By DREW LAWSON
Staff Reporter 

New Day dawns for EWU police department

Former football player takes over as police chief

 

Last updated 9/17/2020 at 11:06am



CHENEY—Jay Day spent the early 1990’s trying to shut down opposing receivers on the Eastern Washington University football team as a defensive back. Nearly 30 years later, he’s taking over for retiring EWU Police Department Chief Tim Walters.

But being a cop wasn’t even on his radar coming out of college.

“It was just kind of one of those lucks of the draw,” Day said. “I didn’t even know, at the time, that it would grab hold of me like it did.”

Day originally enrolled at EWU in 1991, where he quickly met his now wife, Esperanza. The two have three children: Xavier, 27, Janessa, 26 and Sofia, a senior at Cheney High School.

He was drawn to Cheney because, as he put it, “it was the first place I had been as an adult where I didn’t have to worry about anything.”

“Growing up in high school in Tacoma, that’s when gangs were really big, so you had to watch where you went and what you wore,” Day said. “I didn’t have to worry about that here.”

When Day’s playing days were over, he had yet to have finished his degree. Instead he left and worked for Blumenthal Uniforms in Spokane, now a Galls, LLC company.

After a few years, he got a call from a representative at EWU, who noticed he hadn’t completed his degree.

“They asked if I was interested in coming back and completing that; I said absolutely,” Day said. “So I came back to school in ’98 and started studying therapeutic recreation. I got my degree in 2001.”

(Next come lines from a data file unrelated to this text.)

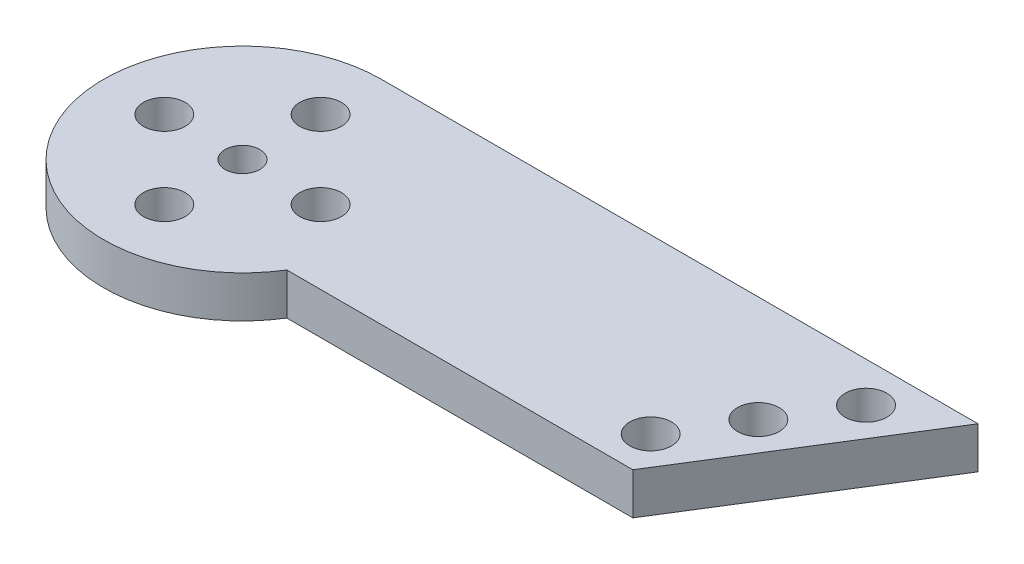
ISO-10303-21;
HEADER;
FILE_DESCRIPTION(('STEP AP214'),'2;1');
FILE_NAME('part.step','',(''),(''),'','','');
FILE_SCHEMA(('AUTOMOTIVE_DESIGN { 1 0 10303 214 1 1 1 1 }'));
ENDSEC;
DATA;
#1=APPLICATION_CONTEXT('core data for automotive mechanical design processes');
#2=APPLICATION_PROTOCOL_DEFINITION('international standard','automotive_design',2000,#1);
#3=PRODUCT_CONTEXT('',#1,'mechanical');
#4=PRODUCT('Part','Part','',(#3));
#5=PRODUCT_RELATED_PRODUCT_CATEGORY('part','',(#4));
#6=PRODUCT_DEFINITION_FORMATION('','',#4);
#7=PRODUCT_DEFINITION_CONTEXT('part definition',#1,'design');
#8=PRODUCT_DEFINITION('design','',#6,#7);
#9=PRODUCT_DEFINITION_SHAPE('','',#8);
#10=(LENGTH_UNIT() NAMED_UNIT(*) SI_UNIT(.MILLI.,.METRE.));
#11=(NAMED_UNIT(*) PLANE_ANGLE_UNIT() SI_UNIT($,.RADIAN.));
#12=(NAMED_UNIT(*) SI_UNIT($,.STERADIAN.) SOLID_ANGLE_UNIT());
#13=UNCERTAINTY_MEASURE_WITH_UNIT(LENGTH_MEASURE(1.E-05),#10,'distance_accuracy_value','');
#14=(GEOMETRIC_REPRESENTATION_CONTEXT(3) GLOBAL_UNCERTAINTY_ASSIGNED_CONTEXT((#13)) GLOBAL_UNIT_ASSIGNED_CONTEXT((#10,
#11,#12)) REPRESENTATION_CONTEXT('',''));
#15=CARTESIAN_POINT('',(0.,0.,0.));
#16=DIRECTION('',(0.,0.,1.));
#17=DIRECTION('',(1.,0.,0.));
#18=AXIS2_PLACEMENT_3D('',#15,#16,#17);
#19=CARTESIAN_POINT('',(-12.1810451847255,2.4,0.));
#20=DIRECTION('',(0.,1.,0.));
#21=DIRECTION('',(0.,0.,1.));
#22=AXIS2_PLACEMENT_3D('',#19,#20,#21);
#23=PLANE('',#22);
#24=CARTESIAN_POINT('',(13.2603716000515,2.4,1.93243286540788));
#25=DIRECTION('',(0.,1.,0.));
#26=DIRECTION('',(0.,0.,1.));
#27=AXIS2_PLACEMENT_3D('',#24,#25,#26);
#28=CIRCLE('',#27,1.2);
#29=CARTESIAN_POINT('',(13.2603716000515,2.4,3.13243286540789));
#30=VERTEX_POINT('',#29);
#31=EDGE_CURVE('E127',#30,#30,#28,.T.);
#32=ORIENTED_EDGE('',*,*,#31,.F.);
#33=EDGE_LOOP('',(#32));
#34=FACE_BOUND('',#33,.T.);
#35=CARTESIAN_POINT('',(-16.6810451847255,2.4,0.));
#36=DIRECTION('',(0.,1.,0.));
#37=DIRECTION('',(0.,0.,1.));
#38=AXIS2_PLACEMENT_3D('',#35,#36,#37);
#39=CIRCLE('',#38,1.2);
#40=CARTESIAN_POINT('',(-16.6810451847255,2.4,1.2));
#41=VERTEX_POINT('',#40);
#42=EDGE_CURVE('E115',#41,#41,#39,.T.);
#43=ORIENTED_EDGE('',*,*,#42,.F.);
#44=EDGE_LOOP('',(#43));
#45=FACE_BOUND('',#44,.T.);
#46=CARTESIAN_POINT('',(-7.68104518472549,2.4,0.));
#47=DIRECTION('',(0.,1.,0.));
#48=DIRECTION('',(0.,0.,1.));
#49=AXIS2_PLACEMENT_3D('',#46,#47,#48);
#50=CIRCLE('',#49,1.2);
#51=CARTESIAN_POINT('',(-7.68104518472549,2.4,1.2));
#52=VERTEX_POINT('',#51);
#53=EDGE_CURVE('E103',#52,#52,#50,.T.);
#54=ORIENTED_EDGE('',*,*,#53,.F.);
#55=EDGE_LOOP('',(#54));
#56=FACE_BOUND('',#55,.T.);
#57=CARTESIAN_POINT('',(-12.1810451847255,2.4,0.));
#58=DIRECTION('',(0.,1.,0.));
#59=DIRECTION('',(0.,0.,1.));
#60=AXIS2_PLACEMENT_3D('',#57,#58,#59);
#61=CIRCLE('',#60,1.);
#62=CARTESIAN_POINT('',(-12.1810451847255,2.4,1.00000000000001));
#63=VERTEX_POINT('',#62);
#64=EDGE_CURVE('E86',#63,#63,#61,.T.);
#65=ORIENTED_EDGE('',*,*,#64,.F.);
#66=EDGE_LOOP('',(#65));
#67=FACE_BOUND('',#66,.T.);
#68=CARTESIAN_POINT('',(-12.1810451847255,2.4,-4.5));
#69=DIRECTION('',(0.,1.,0.));
#70=DIRECTION('',(0.,0.,1.));
#71=AXIS2_PLACEMENT_3D('',#68,#69,#70);
#72=CIRCLE('',#71,1.2);
#73=CARTESIAN_POINT('',(-12.1810451847255,2.4,-3.3));
#74=VERTEX_POINT('',#73);
#75=EDGE_CURVE('E98',#74,#74,#72,.T.);
#76=ORIENTED_EDGE('',*,*,#75,.F.);
#77=EDGE_LOOP('',(#76));
#78=FACE_BOUND('',#77,.T.);
#79=CARTESIAN_POINT('',(-12.1810451847255,2.4,4.5));
#80=DIRECTION('',(0.,1.,0.));
#81=DIRECTION('',(0.,0.,1.));
#82=AXIS2_PLACEMENT_3D('',#79,#80,#81);
#83=CIRCLE('',#82,1.2);
#84=CARTESIAN_POINT('',(-12.1810451847255,2.4,5.7));
#85=VERTEX_POINT('',#84);
#86=EDGE_CURVE('E109',#85,#85,#83,.T.);
#87=ORIENTED_EDGE('',*,*,#86,.F.);
#88=EDGE_LOOP('',(#87));
#89=FACE_BOUND('',#88,.T.);
#90=CARTESIAN_POINT('',(18.0296449781503,2.4,-5.7));
#91=DIRECTION('',(0.,1.,0.));
#92=DIRECTION('',(0.,0.,1.));
#93=AXIS2_PLACEMENT_3D('',#90,#91,#92);
#94=CIRCLE('',#93,1.2);
#95=CARTESIAN_POINT('',(18.0296449781503,2.4,-4.5));
#96=VERTEX_POINT('',#95);
#97=EDGE_CURVE('E121',#96,#96,#94,.T.);
#98=ORIENTED_EDGE('',*,*,#97,.F.);
#99=EDGE_LOOP('',(#98));
#100=FACE_BOUND('',#99,.T.);
#101=CARTESIAN_POINT('',(15.6450082891009,2.4,-1.88378356729606));
#102=DIRECTION('',(0.,1.,0.));
#103=DIRECTION('',(0.,0.,1.));
#104=AXIS2_PLACEMENT_3D('',#101,#102,#103);
#105=CIRCLE('',#104,1.2);
#106=CARTESIAN_POINT('',(15.6450082891009,2.4,-0.683783567296056));
#107=VERTEX_POINT('',#106);
#108=EDGE_CURVE('E133',#107,#107,#105,.T.);
#109=ORIENTED_EDGE('',*,*,#108,.F.);
#110=EDGE_LOOP('',(#109));
#111=FACE_BOUND('',#110,.T.);
#112=CARTESIAN_POINT('',(-12.1810451847255,2.4,0.));
#113=DIRECTION('',(0.,1.,0.));
#114=DIRECTION('',(0.,0.,1.));
#115=AXIS2_PLACEMENT_3D('',#112,#113,#114);
#116=CIRCLE('',#115,8.);
#117=CARTESIAN_POINT('',(-12.1810451847255,2.4,-8.));
#118=VERTEX_POINT('',#117);
#119=CARTESIAN_POINT('',(-5.39234044524719,2.4,4.23243286540789));
#120=VERTEX_POINT('',#119);
#121=EDGE_CURVE('E78',#118,#120,#116,.T.);
#122=ORIENTED_EDGE('',*,*,#121,.T.);
#123=DIRECTION('',(-1.,0.,0.));
#124=VECTOR('',#123,1.);
#125=CARTESIAN_POINT('',(14.5352824183929,2.4,4.23243286540789));
#126=LINE('',#125,#124);
#127=CARTESIAN_POINT('',(14.5352824183929,2.4,4.23243286540789));
#128=VERTEX_POINT('',#127);
#129=EDGE_CURVE('E145',#128,#120,#126,.T.);
#130=ORIENTED_EDGE('',*,*,#129,.F.);
#131=DIRECTION('',(0.529919264233196,0.,-0.848048096156431));
#132=VECTOR('',#131,1.);
#133=CARTESIAN_POINT('',(22.1789548152745,2.4,-8.));
#134=LINE('',#133,#132);
#135=CARTESIAN_POINT('',(22.1789548152745,2.4,-8.));
#136=VERTEX_POINT('',#135);
#137=EDGE_CURVE('E94',#128,#136,#134,.T.);
#138=ORIENTED_EDGE('',*,*,#137,.T.);
#139=DIRECTION('',(-1.,0.,0.));
#140=VECTOR('',#139,1.);
#141=CARTESIAN_POINT('',(-12.1810451847255,2.4,-8.));
#142=LINE('',#141,#140);
#143=EDGE_CURVE('E58',#136,#118,#142,.T.);
#144=ORIENTED_EDGE('',*,*,#143,.T.);
#145=EDGE_LOOP('',(#122,#130,#138,#144));
#146=FACE_BOUND('',#145,.T.);
#147=ADVANCED_FACE('F34',(#34,#45,#56,#67,#78,#89,#100,#111,#146),#23,.T.);
#148=CARTESIAN_POINT('',(-12.1810451847255,0.,0.));
#149=DIRECTION('',(0.,1.,0.));
#150=DIRECTION('',(0.,0.,1.));
#151=AXIS2_PLACEMENT_3D('',#148,#149,#150);
#152=PLANE('',#151);
#153=CARTESIAN_POINT('',(15.6450082891009,0.,-1.88378356729606));
#154=DIRECTION('',(0.,1.,0.));
#155=DIRECTION('',(0.,0.,1.));
#156=AXIS2_PLACEMENT_3D('',#153,#154,#155);
#157=CIRCLE('',#156,1.2);
#158=CARTESIAN_POINT('',(15.6450082891009,0.,-0.683783567296056));
#159=VERTEX_POINT('',#158);
#160=EDGE_CURVE('E136',#159,#159,#157,.T.);
#161=ORIENTED_EDGE('',*,*,#160,.T.);
#162=EDGE_LOOP('',(#161));
#163=FACE_BOUND('',#162,.T.);
#164=CARTESIAN_POINT('',(13.2603716000515,0.,1.93243286540788));
#165=DIRECTION('',(0.,1.,0.));
#166=DIRECTION('',(0.,0.,1.));
#167=AXIS2_PLACEMENT_3D('',#164,#165,#166);
#168=CIRCLE('',#167,1.2);
#169=CARTESIAN_POINT('',(13.2603716000515,0.,3.13243286540789));
#170=VERTEX_POINT('',#169);
#171=EDGE_CURVE('E130',#170,#170,#168,.T.);
#172=ORIENTED_EDGE('',*,*,#171,.T.);
#173=EDGE_LOOP('',(#172));
#174=FACE_BOUND('',#173,.T.);
#175=CARTESIAN_POINT('',(18.0296449781503,0.,-5.7));
#176=DIRECTION('',(0.,1.,0.));
#177=DIRECTION('',(0.,0.,1.));
#178=AXIS2_PLACEMENT_3D('',#175,#176,#177);
#179=CIRCLE('',#178,1.2);
#180=CARTESIAN_POINT('',(18.0296449781503,0.,-4.5));
#181=VERTEX_POINT('',#180);
#182=EDGE_CURVE('E124',#181,#181,#179,.T.);
#183=ORIENTED_EDGE('',*,*,#182,.T.);
#184=EDGE_LOOP('',(#183));
#185=FACE_BOUND('',#184,.T.);
#186=CARTESIAN_POINT('',(-16.6810451847255,0.,0.));
#187=DIRECTION('',(0.,1.,0.));
#188=DIRECTION('',(0.,0.,1.));
#189=AXIS2_PLACEMENT_3D('',#186,#187,#188);
#190=CIRCLE('',#189,1.2);
#191=CARTESIAN_POINT('',(-16.6810451847255,0.,1.2));
#192=VERTEX_POINT('',#191);
#193=EDGE_CURVE('E118',#192,#192,#190,.T.);
#194=ORIENTED_EDGE('',*,*,#193,.T.);
#195=EDGE_LOOP('',(#194));
#196=FACE_BOUND('',#195,.T.);
#197=CARTESIAN_POINT('',(-12.1810451847255,0.,4.5));
#198=DIRECTION('',(0.,1.,0.));
#199=DIRECTION('',(0.,0.,1.));
#200=AXIS2_PLACEMENT_3D('',#197,#198,#199);
#201=CIRCLE('',#200,1.2);
#202=CARTESIAN_POINT('',(-12.1810451847255,0.,5.7));
#203=VERTEX_POINT('',#202);
#204=EDGE_CURVE('E112',#203,#203,#201,.T.);
#205=ORIENTED_EDGE('',*,*,#204,.T.);
#206=EDGE_LOOP('',(#205));
#207=FACE_BOUND('',#206,.T.);
#208=CARTESIAN_POINT('',(-7.68104518472549,0.,0.));
#209=DIRECTION('',(0.,1.,0.));
#210=DIRECTION('',(0.,0.,1.));
#211=AXIS2_PLACEMENT_3D('',#208,#209,#210);
#212=CIRCLE('',#211,1.2);
#213=CARTESIAN_POINT('',(-7.68104518472549,0.,1.2));
#214=VERTEX_POINT('',#213);
#215=EDGE_CURVE('E106',#214,#214,#212,.T.);
#216=ORIENTED_EDGE('',*,*,#215,.T.);
#217=EDGE_LOOP('',(#216));
#218=FACE_BOUND('',#217,.T.);
#219=CARTESIAN_POINT('',(-12.1810451847255,0.,-4.5));
#220=DIRECTION('',(0.,1.,0.));
#221=DIRECTION('',(0.,0.,1.));
#222=AXIS2_PLACEMENT_3D('',#219,#220,#221);
#223=CIRCLE('',#222,1.2);
#224=CARTESIAN_POINT('',(-12.1810451847255,0.,-3.3));
#225=VERTEX_POINT('',#224);
#226=EDGE_CURVE('E100',#225,#225,#223,.T.);
#227=ORIENTED_EDGE('',*,*,#226,.T.);
#228=EDGE_LOOP('',(#227));
#229=FACE_BOUND('',#228,.T.);
#230=CARTESIAN_POINT('',(-12.1810451847255,0.,0.));
#231=DIRECTION('',(0.,1.,0.));
#232=DIRECTION('',(0.,0.,1.));
#233=AXIS2_PLACEMENT_3D('',#230,#231,#232);
#234=CIRCLE('',#233,1.);
#235=CARTESIAN_POINT('',(-12.1810451847255,0.,1.00000000000001));
#236=VERTEX_POINT('',#235);
#237=EDGE_CURVE('E90',#236,#236,#234,.T.);
#238=ORIENTED_EDGE('',*,*,#237,.T.);
#239=EDGE_LOOP('',(#238));
#240=FACE_BOUND('',#239,.T.);
#241=DIRECTION('',(-1.,0.,0.));
#242=VECTOR('',#241,1.);
#243=CARTESIAN_POINT('',(14.5352824183929,0.,4.23243286540789));
#244=LINE('',#243,#242);
#245=CARTESIAN_POINT('',(14.5352824183929,0.,4.23243286540789));
#246=VERTEX_POINT('',#245);
#247=CARTESIAN_POINT('',(-5.39234044524719,0.,4.23243286540789));
#248=VERTEX_POINT('',#247);
#249=EDGE_CURVE('E49',#246,#248,#244,.T.);
#250=ORIENTED_EDGE('',*,*,#249,.T.);
#251=CARTESIAN_POINT('',(-12.1810451847255,0.,0.));
#252=DIRECTION('',(0.,1.,0.));
#253=DIRECTION('',(0.,0.,1.));
#254=AXIS2_PLACEMENT_3D('',#251,#252,#253);
#255=CIRCLE('',#254,8.);
#256=CARTESIAN_POINT('',(-12.1810451847255,0.,-8.));
#257=VERTEX_POINT('',#256);
#258=EDGE_CURVE('E84',#257,#248,#255,.T.);
#259=ORIENTED_EDGE('',*,*,#258,.F.);
#260=DIRECTION('',(-1.,0.,0.));
#261=VECTOR('',#260,1.);
#262=CARTESIAN_POINT('',(-12.1810451847255,0.,-8.));
#263=LINE('',#262,#261);
#264=CARTESIAN_POINT('',(22.1789548152745,0.,-8.));
#265=VERTEX_POINT('',#264);
#266=EDGE_CURVE('E70',#265,#257,#263,.T.);
#267=ORIENTED_EDGE('',*,*,#266,.F.);
#268=DIRECTION('',(0.529919264233196,0.,-0.848048096156431));
#269=VECTOR('',#268,1.);
#270=CARTESIAN_POINT('',(22.1789548152745,0.,-8.));
#271=LINE('',#270,#269);
#272=EDGE_CURVE('E79',#246,#265,#271,.T.);
#273=ORIENTED_EDGE('',*,*,#272,.F.);
#274=EDGE_LOOP('',(#250,#259,#267,#273));
#275=FACE_BOUND('',#274,.T.);
#276=ADVANCED_FACE('F85',(#163,#174,#185,#196,#207,#218,#229,#240,#275),#152,.F.);
#277=CARTESIAN_POINT('',(-12.1810451847255,2.4,0.));
#278=DIRECTION('',(0.,-1.,0.));
#279=DIRECTION('',(0.,0.,-1.));
#280=AXIS2_PLACEMENT_3D('',#277,#278,#279);
#281=CYLINDRICAL_SURFACE('',#280,8.);
#282=ORIENTED_EDGE('',*,*,#258,.T.);
#283=DIRECTION('',(0.,1.,0.));
#284=VECTOR('',#283,1.);
#285=CARTESIAN_POINT('',(-5.39234044524719,0.,4.23243286540789));
#286=LINE('',#285,#284);
#287=EDGE_CURVE('E139',#248,#120,#286,.T.);
#288=ORIENTED_EDGE('',*,*,#287,.T.);
#289=ORIENTED_EDGE('',*,*,#121,.F.);
#290=DIRECTION('',(0.,-1.,0.));
#291=VECTOR('',#290,1.);
#292=CARTESIAN_POINT('',(-12.1810451847255,2.4,-8.));
#293=LINE('',#292,#291);
#294=EDGE_CURVE('E42',#118,#257,#293,.T.);
#295=ORIENTED_EDGE('',*,*,#294,.T.);
#296=EDGE_LOOP('',(#282,#288,#289,#295));
#297=FACE_BOUND('',#296,.T.);
#298=ADVANCED_FACE('F36',(#297),#281,.T.);
#299=CARTESIAN_POINT('',(22.1789548152745,2.4,-8.));
#300=DIRECTION('',(-0.848048096156431,0.,-0.529919264233196));
#301=DIRECTION('',(-0.529919264233196,0.,0.848048096156431));
#302=AXIS2_PLACEMENT_3D('',#299,#300,#301);
#303=PLANE('',#302);
#304=ORIENTED_EDGE('',*,*,#137,.F.);
#305=DIRECTION('',(0.,1.,0.));
#306=VECTOR('',#305,1.);
#307=CARTESIAN_POINT('',(14.5352824183929,0.,4.23243286540789));
#308=LINE('',#307,#306);
#309=EDGE_CURVE('E142',#246,#128,#308,.T.);
#310=ORIENTED_EDGE('',*,*,#309,.F.);
#311=ORIENTED_EDGE('',*,*,#272,.T.);
#312=DIRECTION('',(0.,-1.,0.));
#313=VECTOR('',#312,1.);
#314=CARTESIAN_POINT('',(22.1789548152745,2.4,-8.));
#315=LINE('',#314,#313);
#316=EDGE_CURVE('E11',#136,#265,#315,.T.);
#317=ORIENTED_EDGE('',*,*,#316,.F.);
#318=EDGE_LOOP('',(#304,#310,#311,#317));
#319=FACE_BOUND('',#318,.T.);
#320=ADVANCED_FACE('F155',(#319),#303,.F.);
#321=CARTESIAN_POINT('',(-12.1810451847255,2.4,-8.));
#322=DIRECTION('',(0.,0.,1.));
#323=DIRECTION('',(1.,0.,0.));
#324=AXIS2_PLACEMENT_3D('',#321,#322,#323);
#325=PLANE('',#324);
#326=ORIENTED_EDGE('',*,*,#266,.T.);
#327=ORIENTED_EDGE('',*,*,#294,.F.);
#328=ORIENTED_EDGE('',*,*,#143,.F.);
#329=ORIENTED_EDGE('',*,*,#316,.T.);
#330=EDGE_LOOP('',(#326,#327,#328,#329));
#331=FACE_BOUND('',#330,.T.);
#332=ADVANCED_FACE('F72',(#331),#325,.F.);
#333=CARTESIAN_POINT('',(-12.1810451847255,2.4,0.));
#334=DIRECTION('',(0.,-1.,0.));
#335=DIRECTION('',(0.,0.,-1.));
#336=AXIS2_PLACEMENT_3D('',#333,#334,#335);
#337=CYLINDRICAL_SURFACE('',#336,1.);
#338=ORIENTED_EDGE('',*,*,#64,.T.);
#339=EDGE_LOOP('',(#338));
#340=FACE_BOUND('',#339,.T.);
#341=ORIENTED_EDGE('',*,*,#237,.F.);
#342=EDGE_LOOP('',(#341));
#343=FACE_BOUND('',#342,.T.);
#344=ADVANCED_FACE('F161',(#340,#343),#337,.F.);
#345=CARTESIAN_POINT('',(-12.1810451847255,2.4,-4.5));
#346=DIRECTION('',(0.,-1.,0.));
#347=DIRECTION('',(0.,0.,-1.));
#348=AXIS2_PLACEMENT_3D('',#345,#346,#347);
#349=CYLINDRICAL_SURFACE('',#348,1.2);
#350=ORIENTED_EDGE('',*,*,#75,.T.);
#351=EDGE_LOOP('',(#350));
#352=FACE_BOUND('',#351,.T.);
#353=ORIENTED_EDGE('',*,*,#226,.F.);
#354=EDGE_LOOP('',(#353));
#355=FACE_BOUND('',#354,.T.);
#356=ADVANCED_FACE('F176',(#352,#355),#349,.F.);
#357=CARTESIAN_POINT('',(-7.68104518472549,2.4,0.));
#358=DIRECTION('',(0.,-1.,0.));
#359=DIRECTION('',(0.,0.,-1.));
#360=AXIS2_PLACEMENT_3D('',#357,#358,#359);
#361=CYLINDRICAL_SURFACE('',#360,1.2);
#362=ORIENTED_EDGE('',*,*,#53,.T.);
#363=EDGE_LOOP('',(#362));
#364=FACE_BOUND('',#363,.T.);
#365=ORIENTED_EDGE('',*,*,#215,.F.);
#366=EDGE_LOOP('',(#365));
#367=FACE_BOUND('',#366,.T.);
#368=ADVANCED_FACE('F180',(#364,#367),#361,.F.);
#369=CARTESIAN_POINT('',(-12.1810451847255,2.4,4.5));
#370=DIRECTION('',(0.,-1.,0.));
#371=DIRECTION('',(0.,0.,-1.));
#372=AXIS2_PLACEMENT_3D('',#369,#370,#371);
#373=CYLINDRICAL_SURFACE('',#372,1.2);
#374=ORIENTED_EDGE('',*,*,#86,.T.);
#375=EDGE_LOOP('',(#374));
#376=FACE_BOUND('',#375,.T.);
#377=ORIENTED_EDGE('',*,*,#204,.F.);
#378=EDGE_LOOP('',(#377));
#379=FACE_BOUND('',#378,.T.);
#380=ADVANCED_FACE('F184',(#376,#379),#373,.F.);
#381=CARTESIAN_POINT('',(-16.6810451847255,2.4,0.));
#382=DIRECTION('',(0.,-1.,0.));
#383=DIRECTION('',(0.,0.,-1.));
#384=AXIS2_PLACEMENT_3D('',#381,#382,#383);
#385=CYLINDRICAL_SURFACE('',#384,1.2);
#386=ORIENTED_EDGE('',*,*,#42,.T.);
#387=EDGE_LOOP('',(#386));
#388=FACE_BOUND('',#387,.T.);
#389=ORIENTED_EDGE('',*,*,#193,.F.);
#390=EDGE_LOOP('',(#389));
#391=FACE_BOUND('',#390,.T.);
#392=ADVANCED_FACE('F188',(#388,#391),#385,.F.);
#393=CARTESIAN_POINT('',(18.0296449781503,2.4,-5.7));
#394=DIRECTION('',(0.,-1.,0.));
#395=DIRECTION('',(0.,0.,-1.));
#396=AXIS2_PLACEMENT_3D('',#393,#394,#395);
#397=CYLINDRICAL_SURFACE('',#396,1.2);
#398=ORIENTED_EDGE('',*,*,#97,.T.);
#399=EDGE_LOOP('',(#398));
#400=FACE_BOUND('',#399,.T.);
#401=ORIENTED_EDGE('',*,*,#182,.F.);
#402=EDGE_LOOP('',(#401));
#403=FACE_BOUND('',#402,.T.);
#404=ADVANCED_FACE('F192',(#400,#403),#397,.F.);
#405=CARTESIAN_POINT('',(13.2603716000515,2.4,1.93243286540788));
#406=DIRECTION('',(0.,-1.,0.));
#407=DIRECTION('',(0.,0.,-1.));
#408=AXIS2_PLACEMENT_3D('',#405,#406,#407);
#409=CYLINDRICAL_SURFACE('',#408,1.2);
#410=ORIENTED_EDGE('',*,*,#31,.T.);
#411=EDGE_LOOP('',(#410));
#412=FACE_BOUND('',#411,.T.);
#413=ORIENTED_EDGE('',*,*,#171,.F.);
#414=EDGE_LOOP('',(#413));
#415=FACE_BOUND('',#414,.T.);
#416=ADVANCED_FACE('F196',(#412,#415),#409,.F.);
#417=CARTESIAN_POINT('',(15.6450082891009,2.4,-1.88378356729606));
#418=DIRECTION('',(0.,-1.,0.));
#419=DIRECTION('',(0.,0.,-1.));
#420=AXIS2_PLACEMENT_3D('',#417,#418,#419);
#421=CYLINDRICAL_SURFACE('',#420,1.2);
#422=ORIENTED_EDGE('',*,*,#108,.T.);
#423=EDGE_LOOP('',(#422));
#424=FACE_BOUND('',#423,.T.);
#425=ORIENTED_EDGE('',*,*,#160,.F.);
#426=EDGE_LOOP('',(#425));
#427=FACE_BOUND('',#426,.T.);
#428=ADVANCED_FACE('F200',(#424,#427),#421,.F.);
#429=CARTESIAN_POINT('',(14.5352824183929,0.,4.23243286540789));
#430=DIRECTION('',(0.,0.,-1.));
#431=DIRECTION('',(-1.,0.,0.));
#432=AXIS2_PLACEMENT_3D('',#429,#430,#431);
#433=PLANE('',#432);
#434=ORIENTED_EDGE('',*,*,#129,.T.);
#435=ORIENTED_EDGE('',*,*,#287,.F.);
#436=ORIENTED_EDGE('',*,*,#249,.F.);
#437=ORIENTED_EDGE('',*,*,#309,.T.);
#438=EDGE_LOOP('',(#434,#435,#436,#437));
#439=FACE_BOUND('',#438,.T.);
#440=ADVANCED_FACE('F150',(#439),#433,.F.);
#441=CLOSED_SHELL('',(#147,#276,#298,#320,#332,#344,#356,#368,#380,#392,#404,#416,#428,#440));
#442=MANIFOLD_SOLID_BREP('B2',#441);
#443=ADVANCED_BREP_SHAPE_REPRESENTATION('',(#18,#442),#14);
#444=SHAPE_DEFINITION_REPRESENTATION(#9,#443);
ENDSEC;
END-ISO-10303-21;

Day spent the next seven years as a rec therapist at a nursing home in Spokane Valley. In 2008, he was looking to change career paths. He saw an opening within the EWU Police Department, which at the time he assumed would be a glorified security job.

“On a whim, I just kind of applied,” Day said. “I came out and tested, and the rest, as they say, is history.”

He realized he had found his calling when he began interacting with the campus community.

“Being able to impact young people and make a difference is what really drew it to me,” Day said, likening the opportunity to help people to his years spent as a football coach at Cheney High School under Tom Oswald starting in 1998, where he served various roles as defensive backs coach, linebackers coach and eventually defensive coordinator before stopping in 2015.

When Walters interviewed Day for a position in 2008, Day told him he wanted his job someday, but Day said that was mostly to impress him. However, that left a mark in Walters’ mind.

“I think I believed it, but I didn’t really own it and believe it,” Day said. “(But) he never forgot that. One of my first days here, (now retired) Sgt. Lorraine Hill told me, ‘you’re going to run this organization someday.’”

In late 2015, Walters told Day to grab a calendar and follow him. He detailed his plans to retire in the next five years and what Day needed to do to get ready to replace him. Day then enrolled at American Military University and got his master’s degree in organizational leadership.

He was then promoted to lieutenant in 2017 and took responsibility of the patrol operation. He became deputy chief in 2018 and became chief in late August 2020.

“I was afforded an opportunity to learn and grow,” Day said. “It’s unique, because very rarely do you see a person start as an officer and work their way up through the ranks to become the head of that organization.”

Day acknowledged the civil unrest facing the country currently and the current stigma surrounding law enforcement. He said the way his department conducts itself can help mend some of that unrest on a local level, which hopefully can spread outside of the community.

“We can make a difference here, because the students that are here, the majority of them are from somewhere else,” Day said. “The way we interact with them and police them here; they can take that back to their respective communities. Hopefully, what they’ve experienced here will help them have a voice there, saying, ‘hey, there’s a different way to do it. The police treat people differently at Eastern than they do here.’”

“Hopefully, whatever officers are there hear that and make a decision to do things differently,” he continued. “I want us to be the model police agency, period. We are a community-oriented police department. I would like to see our field, overall, move back in that direction…we want our community to trust us, and interact with us and engage with us.”

One of Walters’ emphases was having a diverse staff, which Day plans to carry into his role as chief.

“Our campus consists of so many races and cultures and dialects,” Day said. “Coming to college and being away from home is stressful … I remember walking on campus the first time and not really knowing what to do, where to go, who I am. When you see somebody tasked with the safety and security of the campus that looks like you, even though you don’t necessarily know them it gives you some degree of comfort.”

Day considers himself “humbled” to be in his position as a man of color.

“To be a person doing (my job), especially now, I think it’s important that we remember who we are and we pay the proper amount of respect to the authority and responsibility we face as police officers,” Day said. “As long as we don’t have emotional responses to the things we deal with … we will always act in an appropriate manner.”